● **WHAT YOU NEED TO DO**: Reproduce the listing below exactly, from its first line down to and including the line with "doc.units = 0".

● **MATERIAL SUPPLIED**:
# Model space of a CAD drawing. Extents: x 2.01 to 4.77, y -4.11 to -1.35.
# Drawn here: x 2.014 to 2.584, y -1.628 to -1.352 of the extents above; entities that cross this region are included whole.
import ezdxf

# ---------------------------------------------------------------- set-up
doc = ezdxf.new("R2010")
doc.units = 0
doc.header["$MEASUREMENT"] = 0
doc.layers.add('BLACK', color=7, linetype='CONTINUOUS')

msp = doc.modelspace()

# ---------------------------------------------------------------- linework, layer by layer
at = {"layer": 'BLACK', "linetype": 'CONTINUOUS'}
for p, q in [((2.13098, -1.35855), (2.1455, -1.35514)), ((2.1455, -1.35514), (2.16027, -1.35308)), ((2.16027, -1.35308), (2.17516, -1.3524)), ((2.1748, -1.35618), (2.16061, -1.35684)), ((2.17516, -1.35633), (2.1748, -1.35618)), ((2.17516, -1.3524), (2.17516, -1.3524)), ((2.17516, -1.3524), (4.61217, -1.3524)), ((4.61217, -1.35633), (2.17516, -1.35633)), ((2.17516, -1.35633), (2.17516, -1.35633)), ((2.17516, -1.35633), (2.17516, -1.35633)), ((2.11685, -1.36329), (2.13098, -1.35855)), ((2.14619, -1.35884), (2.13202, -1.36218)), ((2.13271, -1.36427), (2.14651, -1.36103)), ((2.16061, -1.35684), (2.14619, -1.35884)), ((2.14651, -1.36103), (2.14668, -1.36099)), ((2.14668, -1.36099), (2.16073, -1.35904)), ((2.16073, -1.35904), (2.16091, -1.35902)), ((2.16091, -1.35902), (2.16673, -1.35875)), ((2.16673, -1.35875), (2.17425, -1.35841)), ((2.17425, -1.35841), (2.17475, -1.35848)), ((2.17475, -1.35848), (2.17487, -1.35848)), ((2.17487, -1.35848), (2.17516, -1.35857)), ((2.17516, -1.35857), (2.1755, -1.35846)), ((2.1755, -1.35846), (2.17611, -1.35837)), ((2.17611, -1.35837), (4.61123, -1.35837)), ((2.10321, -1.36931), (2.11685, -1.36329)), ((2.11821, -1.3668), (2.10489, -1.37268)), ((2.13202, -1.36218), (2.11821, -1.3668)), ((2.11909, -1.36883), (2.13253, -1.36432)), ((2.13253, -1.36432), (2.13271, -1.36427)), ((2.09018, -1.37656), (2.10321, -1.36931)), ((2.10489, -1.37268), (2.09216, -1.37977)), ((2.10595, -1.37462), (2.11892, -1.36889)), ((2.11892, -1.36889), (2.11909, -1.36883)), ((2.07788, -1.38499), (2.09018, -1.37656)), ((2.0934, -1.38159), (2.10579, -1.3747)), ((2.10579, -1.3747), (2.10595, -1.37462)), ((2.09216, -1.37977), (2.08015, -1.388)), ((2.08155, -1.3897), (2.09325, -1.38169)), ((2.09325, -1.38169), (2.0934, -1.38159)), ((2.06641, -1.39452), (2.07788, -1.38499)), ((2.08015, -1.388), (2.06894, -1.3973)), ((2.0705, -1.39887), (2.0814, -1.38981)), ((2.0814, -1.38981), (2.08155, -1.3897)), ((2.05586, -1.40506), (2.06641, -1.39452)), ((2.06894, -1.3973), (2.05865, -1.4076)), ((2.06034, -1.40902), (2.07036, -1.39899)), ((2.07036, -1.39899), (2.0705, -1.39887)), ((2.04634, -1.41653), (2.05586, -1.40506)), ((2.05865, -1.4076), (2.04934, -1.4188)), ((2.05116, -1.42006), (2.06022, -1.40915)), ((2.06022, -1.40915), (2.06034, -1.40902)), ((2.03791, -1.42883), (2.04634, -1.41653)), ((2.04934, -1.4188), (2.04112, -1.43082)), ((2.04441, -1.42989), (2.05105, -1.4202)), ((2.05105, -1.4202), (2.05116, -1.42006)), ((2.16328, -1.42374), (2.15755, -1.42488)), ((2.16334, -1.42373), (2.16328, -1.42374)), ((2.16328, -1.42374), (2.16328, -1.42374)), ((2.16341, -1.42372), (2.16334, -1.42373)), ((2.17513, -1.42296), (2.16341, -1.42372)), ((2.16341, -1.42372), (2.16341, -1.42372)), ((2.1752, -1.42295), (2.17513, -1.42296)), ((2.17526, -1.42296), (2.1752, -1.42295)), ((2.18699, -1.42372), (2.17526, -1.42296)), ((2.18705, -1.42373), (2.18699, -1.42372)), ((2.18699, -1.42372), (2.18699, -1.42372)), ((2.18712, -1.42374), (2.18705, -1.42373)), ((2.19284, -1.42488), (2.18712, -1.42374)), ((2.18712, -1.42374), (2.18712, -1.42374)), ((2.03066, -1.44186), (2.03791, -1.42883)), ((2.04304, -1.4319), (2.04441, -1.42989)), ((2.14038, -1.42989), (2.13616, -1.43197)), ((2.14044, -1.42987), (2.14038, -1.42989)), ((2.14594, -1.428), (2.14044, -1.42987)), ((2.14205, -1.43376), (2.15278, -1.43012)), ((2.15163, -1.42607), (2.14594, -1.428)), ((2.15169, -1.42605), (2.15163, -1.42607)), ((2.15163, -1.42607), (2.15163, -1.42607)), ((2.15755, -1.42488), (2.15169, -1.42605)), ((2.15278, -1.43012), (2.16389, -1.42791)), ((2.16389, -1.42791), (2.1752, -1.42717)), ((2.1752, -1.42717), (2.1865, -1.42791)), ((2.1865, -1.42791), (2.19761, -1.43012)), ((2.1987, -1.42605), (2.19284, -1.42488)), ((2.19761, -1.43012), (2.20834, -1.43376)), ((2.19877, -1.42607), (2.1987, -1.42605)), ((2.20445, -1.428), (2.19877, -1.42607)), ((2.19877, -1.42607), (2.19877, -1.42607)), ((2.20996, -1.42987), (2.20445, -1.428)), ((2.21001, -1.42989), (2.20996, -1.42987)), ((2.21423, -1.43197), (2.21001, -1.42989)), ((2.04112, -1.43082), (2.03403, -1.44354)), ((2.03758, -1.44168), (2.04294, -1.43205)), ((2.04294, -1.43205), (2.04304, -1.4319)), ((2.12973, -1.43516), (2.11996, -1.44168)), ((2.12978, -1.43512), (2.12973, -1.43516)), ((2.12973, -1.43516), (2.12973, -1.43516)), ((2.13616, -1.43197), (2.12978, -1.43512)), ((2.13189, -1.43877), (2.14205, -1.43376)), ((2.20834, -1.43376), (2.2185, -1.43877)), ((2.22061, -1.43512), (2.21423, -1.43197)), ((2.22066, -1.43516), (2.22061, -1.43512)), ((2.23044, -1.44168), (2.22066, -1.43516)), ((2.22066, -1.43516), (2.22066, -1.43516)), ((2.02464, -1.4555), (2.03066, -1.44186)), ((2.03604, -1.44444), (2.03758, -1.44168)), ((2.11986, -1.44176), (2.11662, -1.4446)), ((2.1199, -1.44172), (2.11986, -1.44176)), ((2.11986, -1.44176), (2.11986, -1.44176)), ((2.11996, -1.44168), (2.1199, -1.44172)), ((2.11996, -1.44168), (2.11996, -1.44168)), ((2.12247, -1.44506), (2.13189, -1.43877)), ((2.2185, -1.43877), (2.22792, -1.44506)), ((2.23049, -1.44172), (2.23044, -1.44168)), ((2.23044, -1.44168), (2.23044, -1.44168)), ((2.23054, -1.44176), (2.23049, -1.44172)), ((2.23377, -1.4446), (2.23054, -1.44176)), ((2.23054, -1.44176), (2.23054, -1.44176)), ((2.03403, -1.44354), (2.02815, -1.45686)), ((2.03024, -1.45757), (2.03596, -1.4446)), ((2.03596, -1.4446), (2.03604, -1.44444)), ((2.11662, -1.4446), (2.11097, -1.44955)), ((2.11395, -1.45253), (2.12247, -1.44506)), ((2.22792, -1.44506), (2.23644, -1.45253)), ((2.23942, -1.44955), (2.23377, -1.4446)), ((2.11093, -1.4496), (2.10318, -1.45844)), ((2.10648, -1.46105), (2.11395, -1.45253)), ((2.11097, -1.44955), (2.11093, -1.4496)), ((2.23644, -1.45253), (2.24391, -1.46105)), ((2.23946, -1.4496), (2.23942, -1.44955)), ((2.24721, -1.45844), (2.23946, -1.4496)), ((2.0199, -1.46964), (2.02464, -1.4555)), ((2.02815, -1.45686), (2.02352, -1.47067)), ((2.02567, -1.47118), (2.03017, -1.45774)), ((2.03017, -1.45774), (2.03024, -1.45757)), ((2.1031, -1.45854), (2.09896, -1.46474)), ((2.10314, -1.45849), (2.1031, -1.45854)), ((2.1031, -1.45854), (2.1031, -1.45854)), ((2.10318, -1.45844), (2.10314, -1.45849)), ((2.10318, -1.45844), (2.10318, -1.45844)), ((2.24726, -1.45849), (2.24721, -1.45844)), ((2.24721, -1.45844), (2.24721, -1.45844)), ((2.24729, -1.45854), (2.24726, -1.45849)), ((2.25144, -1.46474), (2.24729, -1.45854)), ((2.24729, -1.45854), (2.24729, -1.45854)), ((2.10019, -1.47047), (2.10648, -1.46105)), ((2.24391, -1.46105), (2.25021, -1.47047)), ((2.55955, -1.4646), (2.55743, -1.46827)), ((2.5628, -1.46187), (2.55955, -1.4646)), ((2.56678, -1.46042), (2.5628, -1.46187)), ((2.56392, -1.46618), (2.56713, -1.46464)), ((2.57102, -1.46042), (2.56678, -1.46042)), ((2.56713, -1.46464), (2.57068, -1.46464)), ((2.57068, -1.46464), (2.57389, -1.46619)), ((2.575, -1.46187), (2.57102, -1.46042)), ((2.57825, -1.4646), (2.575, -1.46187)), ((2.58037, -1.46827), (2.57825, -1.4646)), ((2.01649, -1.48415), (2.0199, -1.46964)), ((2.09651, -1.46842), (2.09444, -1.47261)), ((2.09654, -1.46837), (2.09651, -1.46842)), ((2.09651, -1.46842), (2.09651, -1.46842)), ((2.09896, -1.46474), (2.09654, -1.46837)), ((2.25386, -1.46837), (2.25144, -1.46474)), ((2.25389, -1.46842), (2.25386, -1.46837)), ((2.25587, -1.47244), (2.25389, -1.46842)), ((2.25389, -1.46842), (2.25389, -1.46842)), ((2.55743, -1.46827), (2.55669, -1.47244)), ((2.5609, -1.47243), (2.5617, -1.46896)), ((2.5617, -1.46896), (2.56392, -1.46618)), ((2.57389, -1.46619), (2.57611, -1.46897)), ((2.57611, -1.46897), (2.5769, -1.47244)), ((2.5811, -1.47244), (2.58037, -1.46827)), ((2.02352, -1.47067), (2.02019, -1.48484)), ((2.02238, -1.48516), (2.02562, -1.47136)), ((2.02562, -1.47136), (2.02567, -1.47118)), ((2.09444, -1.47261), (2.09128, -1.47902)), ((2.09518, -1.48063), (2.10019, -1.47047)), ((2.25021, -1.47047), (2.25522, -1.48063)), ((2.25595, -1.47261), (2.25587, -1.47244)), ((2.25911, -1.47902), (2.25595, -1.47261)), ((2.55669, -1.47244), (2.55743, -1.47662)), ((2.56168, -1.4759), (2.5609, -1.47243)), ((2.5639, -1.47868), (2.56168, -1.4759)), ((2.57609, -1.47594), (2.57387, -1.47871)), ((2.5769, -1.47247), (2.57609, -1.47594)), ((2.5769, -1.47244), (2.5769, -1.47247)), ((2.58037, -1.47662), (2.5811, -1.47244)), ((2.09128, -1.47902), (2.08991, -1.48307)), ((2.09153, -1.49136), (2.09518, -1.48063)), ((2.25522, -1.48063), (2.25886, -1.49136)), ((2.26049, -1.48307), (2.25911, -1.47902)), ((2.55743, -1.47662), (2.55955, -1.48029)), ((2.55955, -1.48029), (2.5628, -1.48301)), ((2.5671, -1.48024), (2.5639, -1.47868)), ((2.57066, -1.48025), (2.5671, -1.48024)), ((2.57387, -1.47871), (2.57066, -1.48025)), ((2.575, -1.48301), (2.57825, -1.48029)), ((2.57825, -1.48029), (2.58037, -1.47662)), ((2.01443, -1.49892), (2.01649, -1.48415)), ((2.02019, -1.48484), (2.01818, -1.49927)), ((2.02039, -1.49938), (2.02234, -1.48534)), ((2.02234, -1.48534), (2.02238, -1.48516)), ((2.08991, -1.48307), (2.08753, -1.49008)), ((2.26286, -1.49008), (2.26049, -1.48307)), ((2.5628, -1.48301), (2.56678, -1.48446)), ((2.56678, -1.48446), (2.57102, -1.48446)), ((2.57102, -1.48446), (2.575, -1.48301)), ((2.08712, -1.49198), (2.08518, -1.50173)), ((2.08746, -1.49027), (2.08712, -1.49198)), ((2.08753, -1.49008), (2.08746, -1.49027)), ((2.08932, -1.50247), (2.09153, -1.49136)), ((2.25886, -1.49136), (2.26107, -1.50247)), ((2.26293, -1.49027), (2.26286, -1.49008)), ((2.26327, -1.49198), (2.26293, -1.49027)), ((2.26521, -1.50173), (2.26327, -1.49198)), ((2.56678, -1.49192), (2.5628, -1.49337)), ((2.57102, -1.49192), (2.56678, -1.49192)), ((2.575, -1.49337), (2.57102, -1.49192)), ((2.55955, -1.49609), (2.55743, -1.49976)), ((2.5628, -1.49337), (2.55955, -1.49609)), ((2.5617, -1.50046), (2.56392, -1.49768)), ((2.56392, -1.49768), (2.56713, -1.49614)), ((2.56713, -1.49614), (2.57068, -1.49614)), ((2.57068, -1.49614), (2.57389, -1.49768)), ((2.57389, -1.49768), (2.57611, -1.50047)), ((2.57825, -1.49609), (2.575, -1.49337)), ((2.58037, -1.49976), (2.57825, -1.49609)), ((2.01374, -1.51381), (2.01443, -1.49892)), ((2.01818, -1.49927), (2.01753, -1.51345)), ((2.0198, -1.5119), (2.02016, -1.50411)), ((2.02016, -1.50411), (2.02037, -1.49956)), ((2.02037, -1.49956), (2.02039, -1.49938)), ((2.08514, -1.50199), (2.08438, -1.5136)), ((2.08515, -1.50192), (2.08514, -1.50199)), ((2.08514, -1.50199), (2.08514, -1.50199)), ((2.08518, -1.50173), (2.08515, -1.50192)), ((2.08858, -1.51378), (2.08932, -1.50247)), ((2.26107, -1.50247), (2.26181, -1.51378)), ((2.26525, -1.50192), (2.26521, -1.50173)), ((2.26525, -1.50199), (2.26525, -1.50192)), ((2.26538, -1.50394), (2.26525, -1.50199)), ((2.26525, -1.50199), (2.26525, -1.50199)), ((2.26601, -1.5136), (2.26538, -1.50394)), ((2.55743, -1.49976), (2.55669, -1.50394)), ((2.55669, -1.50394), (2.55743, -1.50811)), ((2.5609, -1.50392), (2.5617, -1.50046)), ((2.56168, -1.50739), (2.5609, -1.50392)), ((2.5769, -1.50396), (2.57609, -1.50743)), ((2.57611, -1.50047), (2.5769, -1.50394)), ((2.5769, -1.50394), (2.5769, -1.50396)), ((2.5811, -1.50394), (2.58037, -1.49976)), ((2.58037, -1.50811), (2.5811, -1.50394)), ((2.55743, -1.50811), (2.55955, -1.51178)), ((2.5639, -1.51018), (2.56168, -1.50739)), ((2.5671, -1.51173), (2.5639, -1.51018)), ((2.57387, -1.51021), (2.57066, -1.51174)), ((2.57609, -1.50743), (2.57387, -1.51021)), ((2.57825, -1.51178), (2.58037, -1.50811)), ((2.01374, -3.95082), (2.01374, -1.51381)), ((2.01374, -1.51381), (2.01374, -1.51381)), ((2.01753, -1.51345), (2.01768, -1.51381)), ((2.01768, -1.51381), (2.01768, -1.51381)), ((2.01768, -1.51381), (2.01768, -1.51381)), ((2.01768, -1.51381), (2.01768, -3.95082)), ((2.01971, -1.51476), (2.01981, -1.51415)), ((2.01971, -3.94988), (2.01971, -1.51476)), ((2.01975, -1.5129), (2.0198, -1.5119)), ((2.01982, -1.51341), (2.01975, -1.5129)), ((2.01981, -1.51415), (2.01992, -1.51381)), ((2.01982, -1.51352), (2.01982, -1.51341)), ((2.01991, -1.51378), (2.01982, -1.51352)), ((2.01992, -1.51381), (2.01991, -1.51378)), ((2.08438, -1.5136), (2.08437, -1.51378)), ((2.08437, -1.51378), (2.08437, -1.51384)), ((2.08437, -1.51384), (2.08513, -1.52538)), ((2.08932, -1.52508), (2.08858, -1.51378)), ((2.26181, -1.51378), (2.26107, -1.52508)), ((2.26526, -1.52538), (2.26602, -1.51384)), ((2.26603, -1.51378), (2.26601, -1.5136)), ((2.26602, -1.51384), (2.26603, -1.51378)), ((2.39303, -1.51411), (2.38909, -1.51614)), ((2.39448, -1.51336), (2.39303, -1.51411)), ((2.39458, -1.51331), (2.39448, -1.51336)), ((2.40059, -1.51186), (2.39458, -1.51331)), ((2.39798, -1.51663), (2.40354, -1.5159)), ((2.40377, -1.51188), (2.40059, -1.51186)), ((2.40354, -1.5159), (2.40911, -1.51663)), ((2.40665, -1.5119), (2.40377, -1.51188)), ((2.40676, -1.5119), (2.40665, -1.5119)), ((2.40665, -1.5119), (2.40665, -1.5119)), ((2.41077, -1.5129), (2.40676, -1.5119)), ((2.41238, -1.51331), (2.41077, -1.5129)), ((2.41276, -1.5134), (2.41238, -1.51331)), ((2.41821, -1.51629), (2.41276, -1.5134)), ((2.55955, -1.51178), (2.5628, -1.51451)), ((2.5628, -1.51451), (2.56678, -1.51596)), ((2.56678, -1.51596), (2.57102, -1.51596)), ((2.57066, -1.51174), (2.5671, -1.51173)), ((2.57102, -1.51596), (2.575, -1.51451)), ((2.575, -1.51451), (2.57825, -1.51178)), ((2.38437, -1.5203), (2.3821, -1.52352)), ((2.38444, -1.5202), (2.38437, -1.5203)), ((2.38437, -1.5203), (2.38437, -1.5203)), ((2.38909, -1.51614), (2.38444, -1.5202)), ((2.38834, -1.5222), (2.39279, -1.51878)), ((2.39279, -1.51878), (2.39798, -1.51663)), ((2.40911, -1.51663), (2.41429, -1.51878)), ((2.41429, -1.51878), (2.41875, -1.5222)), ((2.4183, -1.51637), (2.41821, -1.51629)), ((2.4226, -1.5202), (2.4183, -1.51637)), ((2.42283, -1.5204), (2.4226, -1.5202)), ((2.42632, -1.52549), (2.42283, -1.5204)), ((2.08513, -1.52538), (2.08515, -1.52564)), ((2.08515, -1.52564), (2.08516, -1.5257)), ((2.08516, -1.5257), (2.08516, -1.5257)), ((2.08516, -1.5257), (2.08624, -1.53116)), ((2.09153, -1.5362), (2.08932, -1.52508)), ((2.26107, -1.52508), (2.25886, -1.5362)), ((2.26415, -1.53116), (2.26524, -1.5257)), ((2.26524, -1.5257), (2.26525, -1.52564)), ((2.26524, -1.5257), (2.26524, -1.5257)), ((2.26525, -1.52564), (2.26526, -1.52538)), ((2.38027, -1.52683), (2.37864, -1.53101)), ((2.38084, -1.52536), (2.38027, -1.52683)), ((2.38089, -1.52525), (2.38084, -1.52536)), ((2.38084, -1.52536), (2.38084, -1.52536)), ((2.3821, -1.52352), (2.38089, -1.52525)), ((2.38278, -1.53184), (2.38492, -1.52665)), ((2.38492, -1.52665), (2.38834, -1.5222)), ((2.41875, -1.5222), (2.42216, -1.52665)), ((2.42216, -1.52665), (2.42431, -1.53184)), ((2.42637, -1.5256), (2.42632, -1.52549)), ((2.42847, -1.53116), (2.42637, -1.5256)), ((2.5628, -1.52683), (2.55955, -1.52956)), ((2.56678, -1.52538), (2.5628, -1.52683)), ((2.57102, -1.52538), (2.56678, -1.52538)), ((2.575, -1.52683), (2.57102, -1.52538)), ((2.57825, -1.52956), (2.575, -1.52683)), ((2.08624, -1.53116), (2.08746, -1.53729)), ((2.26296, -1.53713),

● **ANSWER SPACE**:
# Model space of a CAD drawing. Extents: x 2.01 to 4.77, y -4.11 to -1.35.
# Drawn here: x 2.014 to 2.584, y -1.628 to -1.352 of the extents above; entities that cross this region are included whole.
import ezdxf

# ---------------------------------------------------------------- set-up
doc = ezdxf.new("R2010")
doc.units = 0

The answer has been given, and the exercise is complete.